◆ **Work item**: Report every line in the listing below where the string "Arial" shows up.

◆ **Excerpted data**:
·····

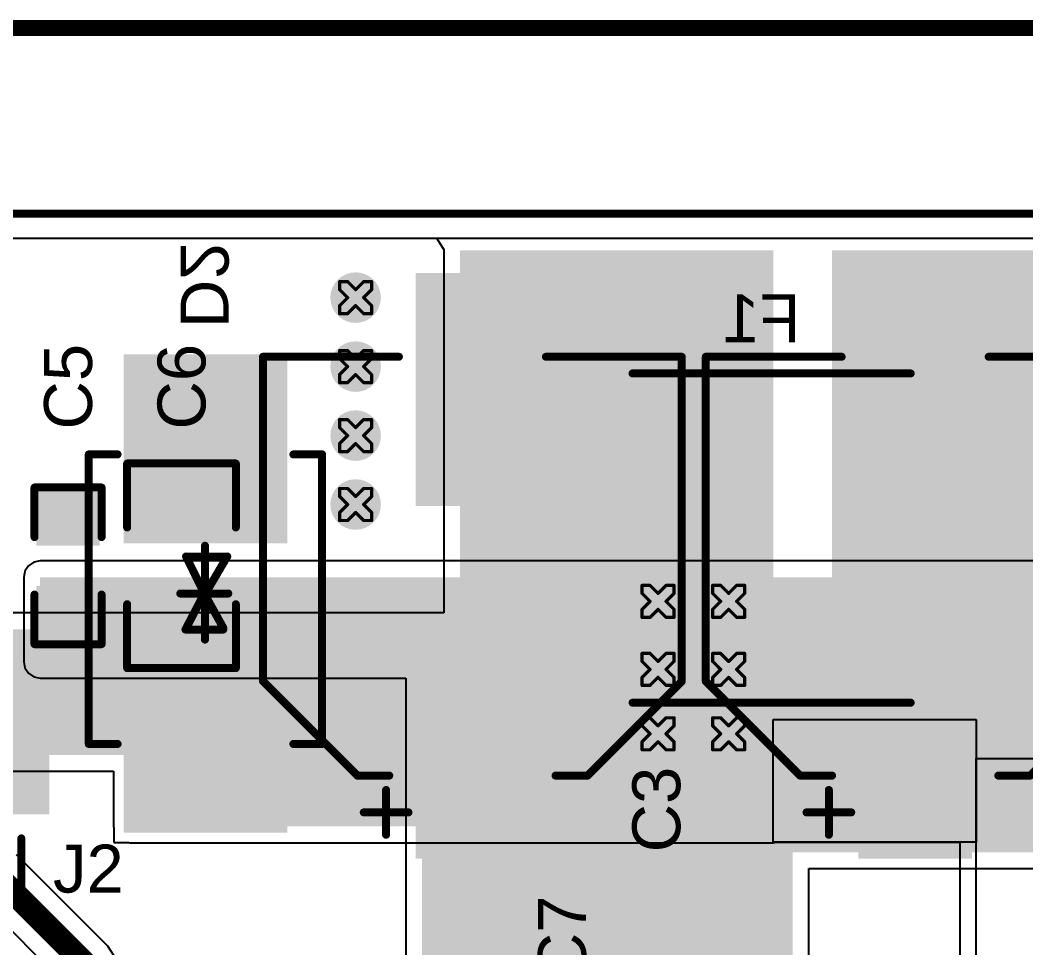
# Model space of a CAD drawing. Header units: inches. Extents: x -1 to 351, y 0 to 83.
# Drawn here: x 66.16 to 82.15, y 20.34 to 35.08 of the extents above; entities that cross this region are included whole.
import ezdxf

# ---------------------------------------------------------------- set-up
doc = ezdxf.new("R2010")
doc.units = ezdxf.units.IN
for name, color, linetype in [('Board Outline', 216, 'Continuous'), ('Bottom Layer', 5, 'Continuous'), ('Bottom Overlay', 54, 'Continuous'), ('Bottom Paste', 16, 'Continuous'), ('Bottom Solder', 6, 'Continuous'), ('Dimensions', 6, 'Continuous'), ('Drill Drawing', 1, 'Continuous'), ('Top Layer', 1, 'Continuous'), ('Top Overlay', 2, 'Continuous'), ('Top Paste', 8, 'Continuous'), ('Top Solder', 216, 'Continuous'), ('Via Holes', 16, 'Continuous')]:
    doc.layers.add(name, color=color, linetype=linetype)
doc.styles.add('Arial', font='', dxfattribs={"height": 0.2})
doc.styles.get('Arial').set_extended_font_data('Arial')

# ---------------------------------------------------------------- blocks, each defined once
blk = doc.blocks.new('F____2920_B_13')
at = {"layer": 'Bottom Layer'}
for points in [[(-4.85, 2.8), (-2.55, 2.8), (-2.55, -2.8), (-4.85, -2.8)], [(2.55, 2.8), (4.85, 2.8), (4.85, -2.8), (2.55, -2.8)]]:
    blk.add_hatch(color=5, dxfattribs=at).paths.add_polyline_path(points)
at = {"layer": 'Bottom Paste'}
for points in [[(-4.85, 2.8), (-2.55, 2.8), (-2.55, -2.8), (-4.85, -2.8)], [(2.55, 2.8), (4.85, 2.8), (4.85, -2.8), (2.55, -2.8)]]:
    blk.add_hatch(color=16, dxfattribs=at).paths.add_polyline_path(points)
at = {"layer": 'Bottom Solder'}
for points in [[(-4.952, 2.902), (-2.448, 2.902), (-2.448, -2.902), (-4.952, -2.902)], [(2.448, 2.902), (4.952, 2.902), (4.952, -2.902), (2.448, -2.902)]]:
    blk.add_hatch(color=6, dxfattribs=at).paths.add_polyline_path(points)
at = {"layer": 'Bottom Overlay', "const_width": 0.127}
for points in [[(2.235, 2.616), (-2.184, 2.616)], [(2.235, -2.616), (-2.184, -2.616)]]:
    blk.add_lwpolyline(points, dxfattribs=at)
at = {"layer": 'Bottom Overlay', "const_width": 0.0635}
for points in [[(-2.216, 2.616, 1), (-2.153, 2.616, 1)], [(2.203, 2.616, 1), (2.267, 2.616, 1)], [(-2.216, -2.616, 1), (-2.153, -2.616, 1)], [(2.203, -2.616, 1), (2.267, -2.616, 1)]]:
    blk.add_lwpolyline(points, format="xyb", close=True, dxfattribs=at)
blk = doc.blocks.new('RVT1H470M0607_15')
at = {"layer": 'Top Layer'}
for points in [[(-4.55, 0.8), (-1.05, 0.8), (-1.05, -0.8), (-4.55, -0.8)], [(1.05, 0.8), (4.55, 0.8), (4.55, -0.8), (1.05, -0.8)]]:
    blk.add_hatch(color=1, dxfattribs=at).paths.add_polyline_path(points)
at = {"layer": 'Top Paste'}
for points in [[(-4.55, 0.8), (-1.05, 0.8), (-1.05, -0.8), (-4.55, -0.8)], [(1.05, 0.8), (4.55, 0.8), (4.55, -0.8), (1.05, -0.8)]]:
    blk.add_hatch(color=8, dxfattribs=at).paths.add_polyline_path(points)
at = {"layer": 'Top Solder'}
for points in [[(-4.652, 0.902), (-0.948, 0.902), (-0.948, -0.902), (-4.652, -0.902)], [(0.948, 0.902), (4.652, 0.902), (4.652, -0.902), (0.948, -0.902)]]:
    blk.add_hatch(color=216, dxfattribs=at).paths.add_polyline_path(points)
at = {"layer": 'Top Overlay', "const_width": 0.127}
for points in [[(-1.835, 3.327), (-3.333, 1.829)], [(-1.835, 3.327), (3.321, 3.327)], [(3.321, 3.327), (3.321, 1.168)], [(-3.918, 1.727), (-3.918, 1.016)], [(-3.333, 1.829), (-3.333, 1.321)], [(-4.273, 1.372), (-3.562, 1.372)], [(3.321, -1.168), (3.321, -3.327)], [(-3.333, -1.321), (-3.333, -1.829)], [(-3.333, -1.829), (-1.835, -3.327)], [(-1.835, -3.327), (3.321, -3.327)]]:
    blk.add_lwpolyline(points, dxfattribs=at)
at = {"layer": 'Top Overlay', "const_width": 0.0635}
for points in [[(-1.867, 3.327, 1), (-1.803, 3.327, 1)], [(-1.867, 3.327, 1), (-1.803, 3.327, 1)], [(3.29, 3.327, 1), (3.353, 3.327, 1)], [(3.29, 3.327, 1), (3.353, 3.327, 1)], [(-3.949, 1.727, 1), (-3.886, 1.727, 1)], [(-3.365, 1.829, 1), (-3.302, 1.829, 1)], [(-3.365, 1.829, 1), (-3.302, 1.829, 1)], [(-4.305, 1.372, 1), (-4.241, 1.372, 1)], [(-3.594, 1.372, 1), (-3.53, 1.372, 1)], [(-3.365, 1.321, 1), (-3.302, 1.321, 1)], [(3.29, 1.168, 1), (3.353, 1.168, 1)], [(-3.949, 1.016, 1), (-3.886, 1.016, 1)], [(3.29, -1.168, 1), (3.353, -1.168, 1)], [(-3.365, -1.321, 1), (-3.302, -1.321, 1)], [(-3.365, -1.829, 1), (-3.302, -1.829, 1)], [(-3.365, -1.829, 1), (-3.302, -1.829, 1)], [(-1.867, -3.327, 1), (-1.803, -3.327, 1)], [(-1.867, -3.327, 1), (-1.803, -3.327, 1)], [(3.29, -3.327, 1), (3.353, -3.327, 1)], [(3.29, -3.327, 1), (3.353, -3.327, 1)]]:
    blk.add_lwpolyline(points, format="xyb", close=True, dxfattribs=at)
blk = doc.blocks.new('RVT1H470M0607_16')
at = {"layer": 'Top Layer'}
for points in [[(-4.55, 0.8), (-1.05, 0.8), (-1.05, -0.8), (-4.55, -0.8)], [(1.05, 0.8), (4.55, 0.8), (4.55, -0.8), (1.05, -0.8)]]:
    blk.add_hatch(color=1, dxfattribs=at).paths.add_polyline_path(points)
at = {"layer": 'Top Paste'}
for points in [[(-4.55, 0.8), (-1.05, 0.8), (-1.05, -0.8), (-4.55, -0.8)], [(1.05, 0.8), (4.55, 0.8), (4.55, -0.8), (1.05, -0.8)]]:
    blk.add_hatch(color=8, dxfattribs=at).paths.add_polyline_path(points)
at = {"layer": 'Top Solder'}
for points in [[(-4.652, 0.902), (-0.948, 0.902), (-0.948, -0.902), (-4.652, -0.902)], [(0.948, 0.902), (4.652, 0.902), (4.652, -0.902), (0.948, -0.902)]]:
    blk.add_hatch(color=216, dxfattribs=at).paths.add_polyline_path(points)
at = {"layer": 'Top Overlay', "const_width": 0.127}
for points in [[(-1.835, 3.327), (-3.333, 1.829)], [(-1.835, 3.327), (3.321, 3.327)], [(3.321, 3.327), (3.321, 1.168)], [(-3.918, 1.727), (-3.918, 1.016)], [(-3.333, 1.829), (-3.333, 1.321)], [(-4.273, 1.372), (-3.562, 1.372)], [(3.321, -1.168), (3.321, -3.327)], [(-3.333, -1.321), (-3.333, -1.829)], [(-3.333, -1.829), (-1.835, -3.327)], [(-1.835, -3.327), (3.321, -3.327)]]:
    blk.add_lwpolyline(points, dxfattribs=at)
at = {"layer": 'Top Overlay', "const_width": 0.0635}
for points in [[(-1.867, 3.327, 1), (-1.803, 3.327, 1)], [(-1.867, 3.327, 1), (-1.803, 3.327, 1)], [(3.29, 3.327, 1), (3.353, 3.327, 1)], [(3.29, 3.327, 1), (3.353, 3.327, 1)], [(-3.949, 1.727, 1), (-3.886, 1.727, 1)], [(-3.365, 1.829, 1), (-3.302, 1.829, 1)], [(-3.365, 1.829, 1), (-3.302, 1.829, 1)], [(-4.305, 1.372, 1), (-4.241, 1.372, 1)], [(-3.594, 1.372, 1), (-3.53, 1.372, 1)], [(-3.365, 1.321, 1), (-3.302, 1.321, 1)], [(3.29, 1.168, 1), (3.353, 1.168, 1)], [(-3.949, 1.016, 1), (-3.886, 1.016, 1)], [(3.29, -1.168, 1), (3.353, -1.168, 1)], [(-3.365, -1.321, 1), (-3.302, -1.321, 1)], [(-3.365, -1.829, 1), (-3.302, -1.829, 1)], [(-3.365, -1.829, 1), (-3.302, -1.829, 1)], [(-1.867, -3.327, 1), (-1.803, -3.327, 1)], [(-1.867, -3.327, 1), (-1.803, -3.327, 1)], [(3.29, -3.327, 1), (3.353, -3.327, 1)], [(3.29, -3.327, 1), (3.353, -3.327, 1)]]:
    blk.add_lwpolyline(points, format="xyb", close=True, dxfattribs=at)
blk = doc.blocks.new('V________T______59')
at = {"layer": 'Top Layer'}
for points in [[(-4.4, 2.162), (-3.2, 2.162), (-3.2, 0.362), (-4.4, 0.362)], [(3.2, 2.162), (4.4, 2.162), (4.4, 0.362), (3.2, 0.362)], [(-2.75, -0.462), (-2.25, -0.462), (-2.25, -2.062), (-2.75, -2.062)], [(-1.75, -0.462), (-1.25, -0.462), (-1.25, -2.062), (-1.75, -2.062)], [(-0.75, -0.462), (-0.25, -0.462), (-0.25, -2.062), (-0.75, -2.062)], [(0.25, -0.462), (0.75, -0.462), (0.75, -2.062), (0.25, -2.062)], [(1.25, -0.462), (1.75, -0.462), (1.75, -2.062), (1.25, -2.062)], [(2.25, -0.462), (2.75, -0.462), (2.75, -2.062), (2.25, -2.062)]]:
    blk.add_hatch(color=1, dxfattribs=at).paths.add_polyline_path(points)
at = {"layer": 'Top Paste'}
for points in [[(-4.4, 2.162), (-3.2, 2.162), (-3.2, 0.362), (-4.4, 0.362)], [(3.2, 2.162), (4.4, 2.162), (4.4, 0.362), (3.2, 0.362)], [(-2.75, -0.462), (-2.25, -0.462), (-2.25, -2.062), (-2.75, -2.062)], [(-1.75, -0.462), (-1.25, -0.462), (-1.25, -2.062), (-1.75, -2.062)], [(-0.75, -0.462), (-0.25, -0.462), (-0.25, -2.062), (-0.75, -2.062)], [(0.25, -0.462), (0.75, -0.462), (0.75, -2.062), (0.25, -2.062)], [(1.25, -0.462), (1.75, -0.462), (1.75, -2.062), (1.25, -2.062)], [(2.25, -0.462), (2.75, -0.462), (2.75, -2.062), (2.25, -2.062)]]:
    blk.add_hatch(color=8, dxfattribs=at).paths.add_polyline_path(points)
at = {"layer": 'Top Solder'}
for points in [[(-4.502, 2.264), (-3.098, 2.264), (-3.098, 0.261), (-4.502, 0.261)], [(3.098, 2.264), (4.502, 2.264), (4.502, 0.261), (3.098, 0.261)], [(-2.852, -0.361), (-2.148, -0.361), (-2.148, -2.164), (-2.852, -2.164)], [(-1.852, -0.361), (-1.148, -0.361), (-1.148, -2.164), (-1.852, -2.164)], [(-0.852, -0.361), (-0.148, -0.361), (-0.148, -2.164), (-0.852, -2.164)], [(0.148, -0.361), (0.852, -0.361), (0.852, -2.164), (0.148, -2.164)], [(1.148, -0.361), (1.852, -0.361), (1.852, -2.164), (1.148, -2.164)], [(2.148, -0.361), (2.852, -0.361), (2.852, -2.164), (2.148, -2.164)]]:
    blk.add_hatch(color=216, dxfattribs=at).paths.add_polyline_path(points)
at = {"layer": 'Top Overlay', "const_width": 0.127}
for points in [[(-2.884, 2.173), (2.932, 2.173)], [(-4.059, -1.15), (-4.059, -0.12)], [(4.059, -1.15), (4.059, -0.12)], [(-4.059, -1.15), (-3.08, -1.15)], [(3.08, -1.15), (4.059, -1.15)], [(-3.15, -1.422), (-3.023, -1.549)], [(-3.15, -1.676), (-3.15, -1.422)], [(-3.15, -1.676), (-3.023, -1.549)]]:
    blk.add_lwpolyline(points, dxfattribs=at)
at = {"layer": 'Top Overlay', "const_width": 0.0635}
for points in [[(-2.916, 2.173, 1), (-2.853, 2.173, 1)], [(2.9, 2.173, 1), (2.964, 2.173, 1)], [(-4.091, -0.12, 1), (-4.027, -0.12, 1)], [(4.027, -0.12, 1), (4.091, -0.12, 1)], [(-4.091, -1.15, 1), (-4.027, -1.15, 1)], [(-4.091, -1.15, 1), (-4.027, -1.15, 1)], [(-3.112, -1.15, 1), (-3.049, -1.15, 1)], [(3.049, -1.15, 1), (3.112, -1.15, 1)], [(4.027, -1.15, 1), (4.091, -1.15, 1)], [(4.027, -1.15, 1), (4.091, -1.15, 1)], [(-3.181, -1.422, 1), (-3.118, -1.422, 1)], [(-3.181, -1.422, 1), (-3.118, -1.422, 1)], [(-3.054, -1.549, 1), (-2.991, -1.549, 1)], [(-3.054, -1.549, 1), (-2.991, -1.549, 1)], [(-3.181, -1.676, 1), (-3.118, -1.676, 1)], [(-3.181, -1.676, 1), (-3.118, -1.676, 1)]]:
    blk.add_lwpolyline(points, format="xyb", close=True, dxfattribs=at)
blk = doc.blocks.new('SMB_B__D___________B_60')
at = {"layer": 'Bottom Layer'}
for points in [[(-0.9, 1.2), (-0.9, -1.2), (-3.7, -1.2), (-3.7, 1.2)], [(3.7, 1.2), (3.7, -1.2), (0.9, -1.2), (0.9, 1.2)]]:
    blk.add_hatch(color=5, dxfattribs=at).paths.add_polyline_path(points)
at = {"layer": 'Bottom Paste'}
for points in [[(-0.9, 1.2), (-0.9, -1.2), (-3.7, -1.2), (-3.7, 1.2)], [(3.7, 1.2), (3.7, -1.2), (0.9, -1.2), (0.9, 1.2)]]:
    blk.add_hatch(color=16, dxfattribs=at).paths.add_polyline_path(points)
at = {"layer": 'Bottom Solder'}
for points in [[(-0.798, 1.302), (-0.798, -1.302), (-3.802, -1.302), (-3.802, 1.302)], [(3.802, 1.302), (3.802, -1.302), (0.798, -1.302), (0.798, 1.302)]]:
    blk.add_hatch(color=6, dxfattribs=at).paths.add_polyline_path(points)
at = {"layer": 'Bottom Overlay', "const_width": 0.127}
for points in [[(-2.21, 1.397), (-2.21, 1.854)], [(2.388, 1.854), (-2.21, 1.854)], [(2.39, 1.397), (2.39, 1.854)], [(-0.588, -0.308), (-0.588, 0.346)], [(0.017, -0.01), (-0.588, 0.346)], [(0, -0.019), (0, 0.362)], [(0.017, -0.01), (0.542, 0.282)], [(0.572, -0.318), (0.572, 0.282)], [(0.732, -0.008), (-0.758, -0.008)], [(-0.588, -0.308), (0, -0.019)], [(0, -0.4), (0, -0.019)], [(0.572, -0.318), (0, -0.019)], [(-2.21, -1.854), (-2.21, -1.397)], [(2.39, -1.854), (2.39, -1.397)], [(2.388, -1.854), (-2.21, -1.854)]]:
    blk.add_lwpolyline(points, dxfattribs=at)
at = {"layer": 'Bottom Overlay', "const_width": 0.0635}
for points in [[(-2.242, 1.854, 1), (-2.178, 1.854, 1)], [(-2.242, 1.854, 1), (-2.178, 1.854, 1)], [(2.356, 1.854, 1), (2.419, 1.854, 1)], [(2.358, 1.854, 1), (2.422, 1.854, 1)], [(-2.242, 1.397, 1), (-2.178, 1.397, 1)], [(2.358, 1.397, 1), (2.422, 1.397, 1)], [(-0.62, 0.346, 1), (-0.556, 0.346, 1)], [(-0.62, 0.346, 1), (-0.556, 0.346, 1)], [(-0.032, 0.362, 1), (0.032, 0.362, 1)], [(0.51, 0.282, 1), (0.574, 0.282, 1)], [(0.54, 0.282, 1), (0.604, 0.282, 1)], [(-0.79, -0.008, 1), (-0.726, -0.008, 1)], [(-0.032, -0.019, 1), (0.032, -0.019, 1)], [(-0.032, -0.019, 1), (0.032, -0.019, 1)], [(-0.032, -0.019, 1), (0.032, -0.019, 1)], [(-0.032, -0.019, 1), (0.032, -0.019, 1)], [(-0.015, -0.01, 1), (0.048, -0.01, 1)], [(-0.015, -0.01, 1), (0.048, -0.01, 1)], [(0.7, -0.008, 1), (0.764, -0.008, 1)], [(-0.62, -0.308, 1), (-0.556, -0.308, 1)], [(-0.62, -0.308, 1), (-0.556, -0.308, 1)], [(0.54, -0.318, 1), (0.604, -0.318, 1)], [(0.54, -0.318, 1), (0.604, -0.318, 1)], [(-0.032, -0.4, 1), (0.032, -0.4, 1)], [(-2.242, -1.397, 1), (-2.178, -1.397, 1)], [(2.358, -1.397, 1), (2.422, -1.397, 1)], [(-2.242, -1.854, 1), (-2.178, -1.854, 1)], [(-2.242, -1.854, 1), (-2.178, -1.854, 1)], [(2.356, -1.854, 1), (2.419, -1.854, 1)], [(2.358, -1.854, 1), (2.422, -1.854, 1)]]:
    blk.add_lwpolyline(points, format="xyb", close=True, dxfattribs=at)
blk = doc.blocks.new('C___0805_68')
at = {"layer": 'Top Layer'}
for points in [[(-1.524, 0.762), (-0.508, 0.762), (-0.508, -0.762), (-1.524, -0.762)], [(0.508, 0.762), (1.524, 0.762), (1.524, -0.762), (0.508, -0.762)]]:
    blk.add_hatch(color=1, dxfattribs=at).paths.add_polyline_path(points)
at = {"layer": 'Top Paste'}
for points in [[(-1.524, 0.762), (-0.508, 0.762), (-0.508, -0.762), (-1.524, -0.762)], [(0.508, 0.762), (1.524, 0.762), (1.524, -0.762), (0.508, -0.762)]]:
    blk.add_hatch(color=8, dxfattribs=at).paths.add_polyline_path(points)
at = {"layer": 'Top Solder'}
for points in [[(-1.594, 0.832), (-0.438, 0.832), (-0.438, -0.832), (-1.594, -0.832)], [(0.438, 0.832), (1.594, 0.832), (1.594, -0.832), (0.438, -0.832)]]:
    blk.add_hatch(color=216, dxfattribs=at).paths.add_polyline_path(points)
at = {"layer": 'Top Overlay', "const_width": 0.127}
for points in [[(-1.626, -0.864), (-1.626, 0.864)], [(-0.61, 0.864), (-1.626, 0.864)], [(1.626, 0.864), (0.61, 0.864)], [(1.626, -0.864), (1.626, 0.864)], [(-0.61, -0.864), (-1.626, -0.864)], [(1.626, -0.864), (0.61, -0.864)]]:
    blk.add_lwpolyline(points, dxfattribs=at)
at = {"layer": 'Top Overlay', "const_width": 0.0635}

·····

◆ **Response to this task**:
doc.styles.add('Arial', font='', dxfattribs={"height": 0.2})
doc.styles.get('Arial').set_extended_font_data('Arial')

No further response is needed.